José dependia de Deus, mas tentou dar um jeitinho, pediu ao copeiro que se lembrasse dele quando fosse reconduzido às funções junto ao Faraó. Não há erro na atitude, mas, parece-me, que Deus queria mostrar a José que Ele seria o condutor de todo o processo.
Que acontece? O copeiro se esquece. O capítulo 40 de Gênesis termina assim: “Porém o copeiro-chefe não se lembrou de José; esqueceu-se dele”. O capítulo 41 começa assim: “Passados dois anos completos, Faraó teve um sonho…”. E Gênesis 41.9 registra: “Então o copeiro-chefe disse a Faraó: Hoje me lembro das minhas ofensas”. De que se lembrara o copeiro? Do pedido de José.

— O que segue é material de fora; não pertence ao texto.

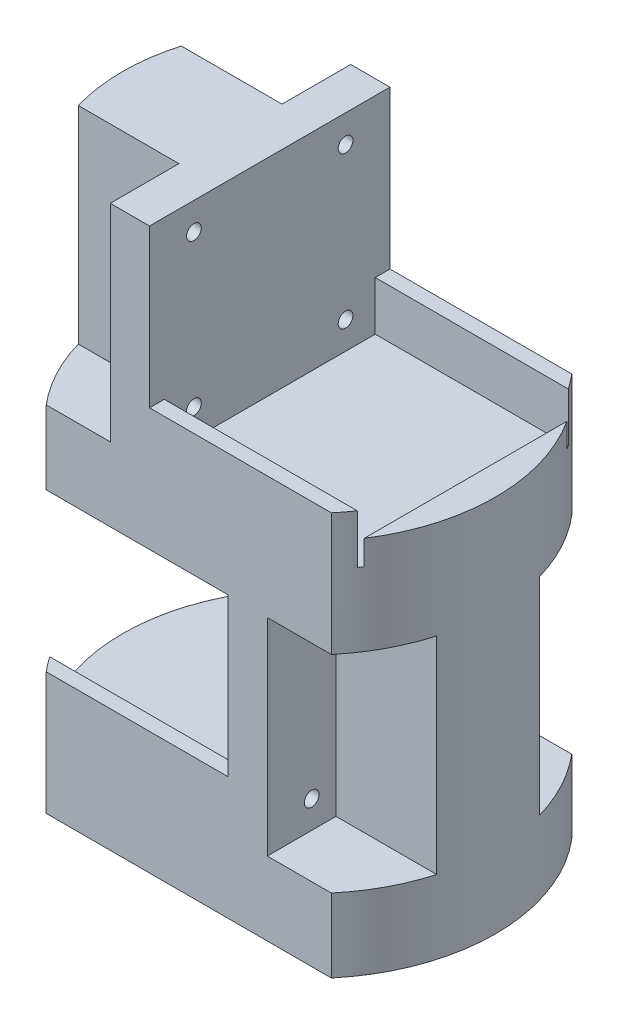
SolidWorks part; units mm, degrees
ref_plane "Front Plane" through (0, 0, 0) normal (0, 0, 1) x (1, 0, 0)
ref_plane "Top Plane" through (0, 0, 0) normal (0, 1, 0) x (1, 0, 0)
ref_plane "Right Plane" through (0, 0, 0) normal (1, 0, 0) x (0, 0, -1)
sketch "Sketch1" plane through (0, 0, 0) normal (0, 1, 0) x (1, 0, 0)
  line L1 (-38, -21.5) -> (38, -21.5)
  line L2 (-38, -21.5) -> (-38, 21.5)
  line L3 (-38, 21.5) -> (38, 21.5)
  line L4 (38, -21.5) -> (38, 21.5)
  line L5 (-38, -21.5) -> (38, 21.5) construction
  line L6 (-38, 21.5) -> (38, -21.5) construction
  point P0 (0, 0)
  dimension "D1" = 76
  dimension "D2" = 43
sketch "Sketch2" plane through (0, 0, 0) normal (0, 1, 0) x (1, 0, 0)
  circle A0 centre (0, 0) radius 38
  dimension "D1" = 76
extrude "Boss-Extrude1" add sketch "Sketch1" along normal blind 15 contours L4 L3 L2 L1
sketch "Sketch3" plane through (0, 15, 0) normal (0, 1, 0) x (1, 0, 0)
  line L0 (68, -21.5) -> (68, 21.5) construction
  line L1 (68, -21.5) -> (8, -21.5) construction
  line L2 (68, 21.5) -> (8, 21.5) construction
  line L3 (8, -21.5) -> (8, 21.5)
  line L4 (68, -21.5) -> (8, 21.5) construction
  line L5 (68, 21.5) -> (8, -21.5) construction
  line L6 (8, 21.5) -> (38, 21.5)
  line L7 (38, 21.5) -> (38, -21.5)
  line L8 (38, -21.5) -> (8, -21.5)
  point P1 (38, 0)
  dimension "D1" = 43
  dimension "D2" = 30
extrude "Boss-Extrude2" add sketch "Sketch3" along normal blind 42.1
sketch "Sketch4" plane through (0, 15, 0) normal (0, 1, 0) x (1, 0, 0)
  line L4 (-38, -21.5) -> (38, -21.5)
  line L5 (-38, 21.5) -> (-38, -21.5)
  line L6 (38, 21.5) -> (-38, 21.5)
  line L7 (38, -21.5) -> (38, 21.5)
  line L8 (-38, -21.5) -> (38, -21.5)
  line L9 (-38, 21.5) -> (-38, -21.5)
  line L10 (38, 21.5) -> (-38, 21.5)
  line L11 (38, -21.5) -> (38, 21.5)
  dimension "D1" = 0
extrude "Boss-Extrude3" add sketch "Sketch4" along normal blind 15 from surface at 42.1 starting at face at (23, 57.1, 0)
sketch "Sketch5" plane through (0, 72.1, 0) normal (0, 1, 0) x (1, 0, 0)
  line L0 (-38, -21.5) -> (38, -21.5) construction
  line L1 (-38, 21.5) -> (-8, 21.5)
  line L2 (-38, 21.5) -> (-38, -21.5)
  line L3 (-38, -21.5) -> (-8, -21.5)
  line L4 (-8, 21.5) -> (-8, -21.5)
  dimension "D1" = 30
extrude "Boss-Extrude4" add sketch "Sketch5" along normal blind 42.1
sketch "Sketch6" plane through (0, 0, 21.5) normal (0, 0, 1) x (1, 0, 0)
  line L0 (-38, 114.2) -> (-38, 57.1) construction
  line L1 (-38, 0) -> (38, 0) construction
  line L4 (-8, 114.2) -> (-8, 72.1) construction
  line L6 (-38, 57.1) -> (8, 57.1) construction
  line L7 (-38, 114.2) -> (-8, 114.2) construction
  line L8 (-38, 0) -> (38, 0)
  line L9 (-38, 25) -> (-38, 0)
  line L10 (38, 82.1) -> (38, 0)
  line L11 (-8, 114.2) -> (-8, 82.1)
  line L12 (8, 57.1) -> (8, 25)
  line L13 (-38, 57.1) -> (8, 57.1)
  line L14 (-38, 114.2) -> (-38, 57.1)
  line L15 (-38, 114.2) -> (-8, 114.2)
  line L22 (-8, 82.1) -> (38, 82.1)
  line L23 (-8, 82.1) -> (38, 82.1)
  line L25 (-38, 25) -> (8, 25)
  line L26 (-38, 25) -> (8, 25)
  dimension "D1" = 10
  dimension "D2" = 10
extrude "Boss-Extrude5" add sketch "Sketch6" along normal blind 3
sketch "Sketch7" plane through (0, 0, -21.5) normal (0, 0, -1) x (-1, 0, 0)
  line L2 (8, 82.1) -> (-38, 82.1) construction
  line L3 (-38, 82.1) -> (-38, 72.1) construction
  line L4 (-38, 0) -> (38, 0) construction
  line L5 (38, 0) -> (38, 15) construction
  line L7 (-8, 15) -> (-8, 57.1) construction
  line L8 (-8, 57.1) -> (38, 57.1) construction
  line L9 (38, 57.1) -> (38, 114.2) construction
  line L10 (38, 114.2) -> (8, 114.2) construction
  line L11 (8, 114.2) -> (8, 72.1) construction
  line L13 (-38, 72.1) -> (-38, 0) construction
  line L14 (38, 25) -> (-8, 25) construction
  line L17 (38, 15) -> (38, 25) construction
  line L18 (-38, 0) -> (38, 0)
  line L19 (38, 0) -> (38, 15)
  line L21 (-8, 25) -> (-8, 57.1)
  line L22 (-8, 57.1) -> (38, 57.1)
  line L23 (38, 57.1) -> (38, 114.2)
  line L24 (38, 114.2) -> (8, 114.2)
  line L25 (8, 114.2) -> (8, 82.1)
  line L27 (-38, 72.1) -> (-38, 0)
  line L28 (38, 25) -> (-8, 25)
  line L31 (38, 15) -> (38, 25)
  line L34 (8, 82.1) -> (-38, 82.1)
  line L35 (-38, 82.1) -> (-38, 72.1)
extrude "Boss-Extrude6" add sketch "Sketch7" along normal blind 3
extrude "Cut-Extrude1" cut sketch "Sketch2" along normal through all flip side to cut contours A0
sketch "Sketch8" plane through (0, 72.1, 0) normal (0, 1, 0) x (1, 0, 0)
  line L1 (31.9, -20.6492) -> (31.9, 20.6492)
  arc A0 (31.3329, -21.5) -> (31.3329, 21.5) centre (0, 0) ccw construction
  arc A1 (31.9, -20.6492) -> (31.9, 20.6492) centre (0, 0) ccw
  point P0 (38, 0)
  point P10 (31.9, 0)
  dimension "D1" = 6.1
extrude "Boss-Extrude7" add sketch "Sketch8" along normal blind 5
sketch "Sketch9" plane through (0, 0, 0) normal (1, 0, 0) x (0, 0, -1)
  line L0 (-24.5, 0) -> (-24.5, 82.1) construction
  line L1 (-24.5, 15) -> (-10.5, 15)
  line L2 (-24.5, 15) -> (-24.5, 57.1)
  line L3 (-24.5, 57.1) -> (-10.5, 57.1)
  line L4 (-10.5, 15) -> (-10.5, 57.1)
  line L5 (-24.5, 0) -> (24.5, 0) construction
  line L8 (0, 41.8) -> (0, -41.8) construction
  line L9 (24.5, 15) -> (10.5, 15)
  line L10 (24.5, 15) -> (24.5, 57.1)
  line L11 (24.5, 57.1) -> (10.5, 57.1)
  line L12 (10.5, 15) -> (10.5, 57.1)
  dimension "D1" = 15
  dimension "D2" = 14
  dimension "D3" = 42.1
extrude "Cut-Extrude2" cut sketch "Sketch9" along normal blind 40 from offset 16
sketch "Sketch10" plane through (-8, 0, 0) normal (1, 0, 0) x (0, 0, -1)
  line L1 (-24.5, 114.2) -> (-10.5, 114.2)
  line L2 (-24.5, 114.2) -> (-24.5, 72.1)
  line L3 (-24.5, 72.1) -> (-10.5, 72.1)
  line L4 (-10.5, 114.2) -> (-10.5, 72.1)
  line L5 (0, 41.8) -> (0, -41.8) construction
  line L6 (24.5, 72.1) -> (10.5, 72.1)
  line L7 (10.5, 114.2) -> (10.5, 72.1)
  line L8 (24.5, 114.2) -> (10.5, 114.2)
  line L9 (24.5, 114.2) -> (24.5, 72.1)
  dimension "D1" = 42.1
  dimension "D2" = 14
extrude "Cut-Extrude3" cut sketch "Sketch10" against normal blind 40 from offset 8 offset against normal yes
sketch "Sketch11" plane through (16, 0, 0) normal (1, 0, 0) x (0, 0, -1)
  line L0 (-24.5, 57.1) -> (-24.5, 15) construction
  line L1 (24.5, 15) -> (24.5, 57.1) construction
  line L2 (-24.5, 15) -> (-10.5, 15) construction
  circle A0 centre (-15.45, 20.6) radius 1.5
  circle A1 centre (15.45, 20.6) radius 1.5
  circle A2 centre (15.45, 51.5) radius 1.5
  circle A3 centre (-15.45, 51.5) radius 1.5
  dimension "D1" = 3
  dimension "D5" = 9.05
  dimension "D7" = 30.9
  dimension "D4" = 9.05
  dimension "D6" = 5.6
  dimension "D2" = 2
  dimension "D3" = 2
extrude "Cut-Extrude4" cut sketch "Sketch11" against normal blind 60
sketch "Sketch12" plane through (-8, 0, 0) normal (1, 0, 0) x (0, 0, -1)
  line L0 (-44.4205, 64.6) -> (67.4104, 64.6)
  line L1 (24.5, 57.1) -> (10.5, 57.1) construction
  dimension "D1" = 7.5
  dimension "D2" = 111.8309
ref_plane "Plane1" through (0, 64.6, 0) normal (0, 1, 0) x (1, 0, 0)
mirror "Mirror1" about plane through (0, 64.6, 0) normal (0, 1, 0) of "Cut-Extrude4"
ref_plane "Plane2" through (-38.52, 0, 0) normal (1, 0, 0) x (0, 0, -1)

Sabe que significa isso? José ficou dois anos presos após a libertação do copeiro. Nosso primeiro raciocínio é: que copeiro ingrato e descuidado. Retribuiu com ingratidão e deixou de cuidar de alguém que fora bênção para ele.
Agora, amplie seu raciocínio. Tivesse sido liberto dois anos antes pela mediação do coveiro, José seria o governador? Pois é, Deus sabia o tempo certo. Sonhadores precisam entender o tempo de Deus e não precipitar as realidades.